Our Method for Teaching Engineering Design

We have built a hands-on method for teaching the engineering design process, with one full lesson dedicated to each step. Our goal is to expand access to — and participation in — the creative process for our youngest learners.

Identify the Problem

Students meet an authentic design challenge.

Research

Students investigate the science through hands-on fair tests.

Brainstorm

Students sketch their designs and “shop” for materials.

Build

Students bring their sketches to life as 3D models.

Test & Evaluate

Students test their designs, collect data, and identify improvements.

Redesign

Students apply what they learned to build a stronger second model.

Share & Reflect

Students present, compare results, and argue from evidence.

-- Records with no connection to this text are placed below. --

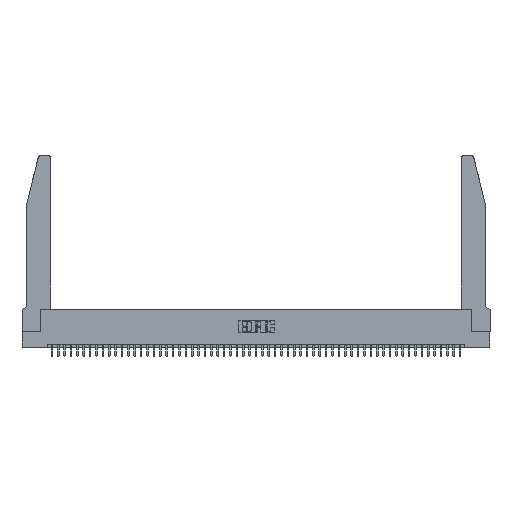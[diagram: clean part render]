
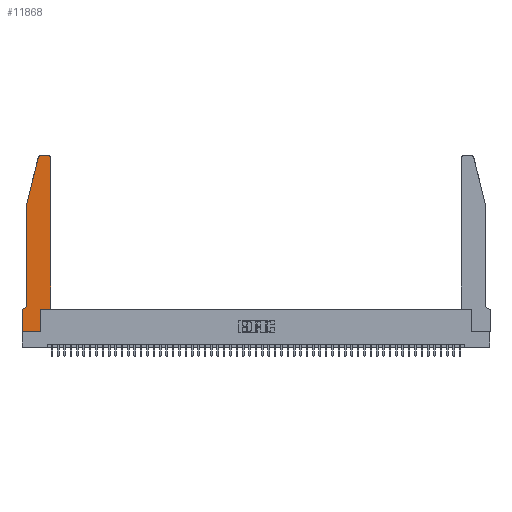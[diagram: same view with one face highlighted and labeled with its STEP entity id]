
A CAD part, top view. The second image highlights one B-rep face of the part: STEP entity #11868.
In plain terms, the highlighted planar face has unit normal (0, 0, 1).
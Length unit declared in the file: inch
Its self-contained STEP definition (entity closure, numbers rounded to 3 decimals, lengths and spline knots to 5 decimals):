
#91 = DIRECTION ( 'NONE',  ( 0., -1., 0. ) ) ;
#534 = CARTESIAN_POINT ( 'NONE',  ( 0.4505, 0.35, 0.37 ) ) ;
#1829 = CARTESIAN_POINT ( 'NONE',  ( 0.0755, 2., 0.37 ) ) ;
#3430 = DIRECTION ( 'NONE',  ( -1., 0., 0. ) ) ;
#3577 = CARTESIAN_POINT ( 'NONE',  ( 0., 0.35, 0.37 ) ) ;
#4115 = ORIENTED_EDGE ( 'NONE', *, *, #45171, .T. ) ;
#4712 = DIRECTION ( 'NONE',  ( 0., 1., 0. ) ) ;
#5060 = VERTEX_POINT ( 'NONE', #21504 ) ;
#5128 = VERTEX_POINT ( 'NONE', #50080 ) ;
#5526 = LINE ( 'NONE', #44671, #47509 ) ;
#5721 = CARTESIAN_POINT ( 'NONE',  ( 0.2865, 0.35, 0.37 ) ) ;
#5940 = ORIENTED_EDGE ( 'NONE', *, *, #16438, .T. ) ;
#6220 = VERTEX_POINT ( 'NONE', #43351 ) ;
#6500 = VERTEX_POINT ( 'NONE', #16663 ) ;
#6528 = DIRECTION ( 'NONE',  ( 0., 0., 1. ) ) ;
#6672 = VERTEX_POINT ( 'NONE', #41885 ) ;
#7033 = VERTEX_POINT ( 'NONE', #11422 ) ;
#7111 = VERTEX_POINT ( 'NONE', #3577 ) ;
#7643 = ORIENTED_EDGE ( 'NONE', *, *, #17415, .T. ) ;
#8642 = VERTEX_POINT ( 'NONE', #47203 ) ;
#9330 = CARTESIAN_POINT ( 'NONE',  ( 0.4205, 2.72, 0.37 ) ) ;
#10048 = CARTESIAN_POINT ( 'NONE',  ( 0.2605, 2.75, 0.37 ) ) ;
#10286 = EDGE_CURVE ( 'NONE', #7111, #6672, #38354, .T. ) ;
#11054 = CIRCLE ( 'NONE', #32436, 0.03 ) ;
#11422 = CARTESIAN_POINT ( 'NONE',  ( 0.0755, 2., 0.37 ) ) ;
#11868 = ADVANCED_FACE ( 'NONE', ( #14154 ), #42038, .T. ) ;
#12066 = EDGE_CURVE ( 'NONE', #6672, #17766, #16050, .T. ) ;
#13510 = DIRECTION ( 'NONE',  ( 1., 0., 0. ) ) ;
#14154 = FACE_OUTER_BOUND ( 'NONE', #41716, .T. ) ;
#16050 = LINE ( 'NONE', #51196, #17313 ) ;
#16438 = EDGE_CURVE ( 'NONE', #6500, #27359, #26171, .T. ) ;
#16663 = CARTESIAN_POINT ( 'NONE',  ( 0.2865, 0.35, 0.37 ) ) ;
#17313 = VECTOR ( 'NONE', #47174, 39.37008 ) ;
#17415 = EDGE_CURVE ( 'NONE', #34295, #7111, #45065, .T. ) ;
#17434 = DIRECTION ( 'NONE',  ( 1., 0., 0. ) ) ;
#17766 = VERTEX_POINT ( 'NONE', #47195 ) ;
#19502 = ORIENTED_EDGE ( 'NONE', *, *, #21846, .T. ) ;
#19800 = LINE ( 'NONE', #5721, #39968 ) ;
#19897 = CARTESIAN_POINT ( 'NONE',  ( 0.0055, 0.35, 0.37 ) ) ;
#20060 = VERTEX_POINT ( 'NONE', #41654 ) ;
#20707 = EDGE_CURVE ( 'NONE', #20060, #5060, #44831, .T. ) ;
#21204 = DIRECTION ( 'NONE',  ( 0., 0., -1. ) ) ;
#21296 = CIRCLE ( 'NONE', #51269, 0.07 ) ;
#21504 = CARTESIAN_POINT ( 'NONE',  ( 0.284, 2.75, 0.37 ) ) ;
#21846 = EDGE_CURVE ( 'NONE', #6220, #34295, #21296, .T. ) ;
#21907 = DIRECTION ( 'NONE',  ( 1., 0., 0. ) ) ;
#22342 = DIRECTION ( 'NONE',  ( -1., 0., 0. ) ) ;
#23263 = CARTESIAN_POINT ( 'NONE',  ( 0.4505, 0.35, 0.37 ) ) ;
#24669 = ORIENTED_EDGE ( 'NONE', *, *, #10286, .T. ) ;
#26171 = LINE ( 'NONE', #37530, #46414 ) ;
#26355 = VECTOR ( 'NONE', #37640, 39.37008 ) ;
#26733 = ORIENTED_EDGE ( 'NONE', *, *, #38376, .T. ) ;
#27359 = VERTEX_POINT ( 'NONE', #23263 ) ;
#27742 = EDGE_CURVE ( 'NONE', #8642, #20060, #43109, .T. ) ;
#28222 = LINE ( 'NONE', #1829, #48475 ) ;
#30893 = CARTESIAN_POINT ( 'NONE',  ( 0.284, 2.72, 0.37 ) ) ;
#31981 = CARTESIAN_POINT ( 'NONE',  ( 0.0755, 0.35, 0.37 ) ) ;
#32436 = AXIS2_PLACEMENT_3D ( 'NONE', #30893, #6528, #34974 ) ;
#32988 = VECTOR ( 'NONE', #3430, 39.37008 ) ;
#33560 = CARTESIAN_POINT ( 'NONE',  ( 0., 0., 0.37 ) ) ;
#34028 = VECTOR ( 'NONE', #22342, 39.37008 ) ;
#34295 = VERTEX_POINT ( 'NONE', #19897 ) ;
#34494 = DIRECTION ( 'NONE',  ( -0.239, -0.971, 0. ) ) ;
#34974 = DIRECTION ( 'NONE',  ( 1., 0., 0. ) ) ;
#35676 = EDGE_CURVE ( 'NONE', #7033, #6220, #5526, .T. ) ;
#37530 = CARTESIAN_POINT ( 'NONE',  ( 0.4505, 0.35, 0.37 ) ) ;
#37640 = DIRECTION ( 'NONE',  ( 0., -1., 0. ) ) ;
#37682 = DIRECTION ( 'NONE',  ( 0., 0., 1. ) ) ;
#38016 = ORIENTED_EDGE ( 'NONE', *, *, #35676, .T. ) ;
#38354 = LINE ( 'NONE', #33560, #26355 ) ;
#38376 = EDGE_CURVE ( 'NONE', #5128, #7033, #28222, .T. ) ;
#38389 = ORIENTED_EDGE ( 'NONE', *, *, #51895, .T. ) ;
#39968 = VECTOR ( 'NONE', #50269, 39.37008 ) ;
#40823 = AXIS2_PLACEMENT_3D ( 'NONE', #45944, #46107, #21907 ) ;
#41146 = ORIENTED_EDGE ( 'NONE', *, *, #20707, .T. ) ;
#41654 = CARTESIAN_POINT ( 'NONE',  ( 0.4205, 2.75, 0.37 ) ) ;
#41716 = EDGE_LOOP ( 'NONE', ( #41146, #42591, #26733, #38016, #19502, #7643, #24669, #45911, #4115, #5940, #38389, #43909 ) ) ;
#41885 = CARTESIAN_POINT ( 'NONE',  ( 0., 0., 0.37 ) ) ;
#42038 = PLANE ( 'NONE',  #40823 ) ;
#42591 = ORIENTED_EDGE ( 'NONE', *, *, #49150, .T. ) ;
#43109 = CIRCLE ( 'NONE', #47744, 0.03 ) ;
#43351 = CARTESIAN_POINT ( 'NONE',  ( 0.0755, 0.42, 0.37 ) ) ;
#43909 = ORIENTED_EDGE ( 'NONE', *, *, #27742, .T. ) ;
#44671 = CARTESIAN_POINT ( 'NONE',  ( 0.0755, 2., 0.37 ) ) ;
#44698 = VECTOR ( 'NONE', #4712, 39.37008 ) ;
#44831 = LINE ( 'NONE', #10048, #34028 ) ;
#45065 = LINE ( 'NONE', #31981, #32988 ) ;
#45171 = EDGE_CURVE ( 'NONE', #17766, #6500, #19800, .T. ) ;
#45403 = CARTESIAN_POINT ( 'NONE',  ( 0.0055, 0.42, 0.37 ) ) ;
#45911 = ORIENTED_EDGE ( 'NONE', *, *, #12066, .T. ) ;
#45944 = CARTESIAN_POINT ( 'NONE',  ( 0., 0.35, 0.37 ) ) ;
#45948 = LINE ( 'NONE', #534, #44698 ) ;
#46107 = DIRECTION ( 'NONE',  ( 0., 0., 1. ) ) ;
#46414 = VECTOR ( 'NONE', #17434, 39.37008 ) ;
#47174 = DIRECTION ( 'NONE',  ( 1., 0., 0. ) ) ;
#47195 = CARTESIAN_POINT ( 'NONE',  ( 0.2865, 0., 0.37 ) ) ;
#47203 = CARTESIAN_POINT ( 'NONE',  ( 0.4505, 2.72, 0.37 ) ) ;
#47509 = VECTOR ( 'NONE', #91, 39.37008 ) ;
#47744 = AXIS2_PLACEMENT_3D ( 'NONE', #9330, #37682, #13510 ) ;
#48475 = VECTOR ( 'NONE', #34494, 39.37008 ) ;
#49150 = EDGE_CURVE ( 'NONE', #5060, #5128, #11054, .T. ) ;
#49422 = DIRECTION ( 'NONE',  ( -1., 0., 0. ) ) ;
#50080 = CARTESIAN_POINT ( 'NONE',  ( 0.25487, 2.72718, 0.37 ) ) ;
#50269 = DIRECTION ( 'NONE',  ( 0., 1., 0. ) ) ;
#51196 = CARTESIAN_POINT ( 'NONE',  ( 0., 0., 0.37 ) ) ;
#51269 = AXIS2_PLACEMENT_3D ( 'NONE', #45403, #21204, #49422 ) ;
#51895 = EDGE_CURVE ( 'NONE', #27359, #8642, #45948, .T. ) ;

Our Extended Research Phase

LYI’s Engineering Design Process addresses equity right from the start. We dedicate five lessons to an extended research phase filled with hands-on investigations and fair tests. This shared experience builds the content knowledge, scientific vocabulary, and maker skills ALL students need before designing their own solutions. Students collect and graph data along the way, then carry that evidence into the origination phase.

Identify the Problem

Students meet an authentic design challenge that anchors every lesson in the unit. Every later phase ties back to this shared mission.

Research

Across several lessons, students investigate the underlying science through hands-on fair tests, changing one variable at a time. Each research lesson builds shared vocabulary, content knowledge, and maker skills before any new design begins.

Brainstorm

Students apply what they learned to sketch and label their own designs with a partner. They look at real-world examples for inspiration, use the success criteria to guide their choices, and “shop” from a new set of open-ended materials they’ll use to build.

Build

Students turn their sketches into 3D models, learning the maker skills needed to construct each part of their design. They quickly discover that physical builds rarely match the original sketch — and that adapting on the fly is part of the engineering process.

Test & Evaluate

Students test their models, record data, and evaluate results against the success criteria. They connect what they see back to the science they investigated in research and identify specific changes that could improve performance.

Redesign

Using their own test data and feedback from another team, students build a second, improved version of their model. They experience iteration as a core engineering skill — not a one-time revision — and see firsthand how data-driven choices change outcomes.

Share & Reflect

In a final celebration, students present their designs, compare their first and final test results, and construct evidence-based arguments about which decisions paid off. Standards-aligned ELA worksheets and assessments support reflection, and designs can be shared in a parent showcase.

The Origination Phase

LYI dedicates a full lesson to each step of the engineering design process, giving students the time to fully engage with each step’s purpose, see how it fits into the larger framework, and practice all 8 Science and Engineering Practices along the way.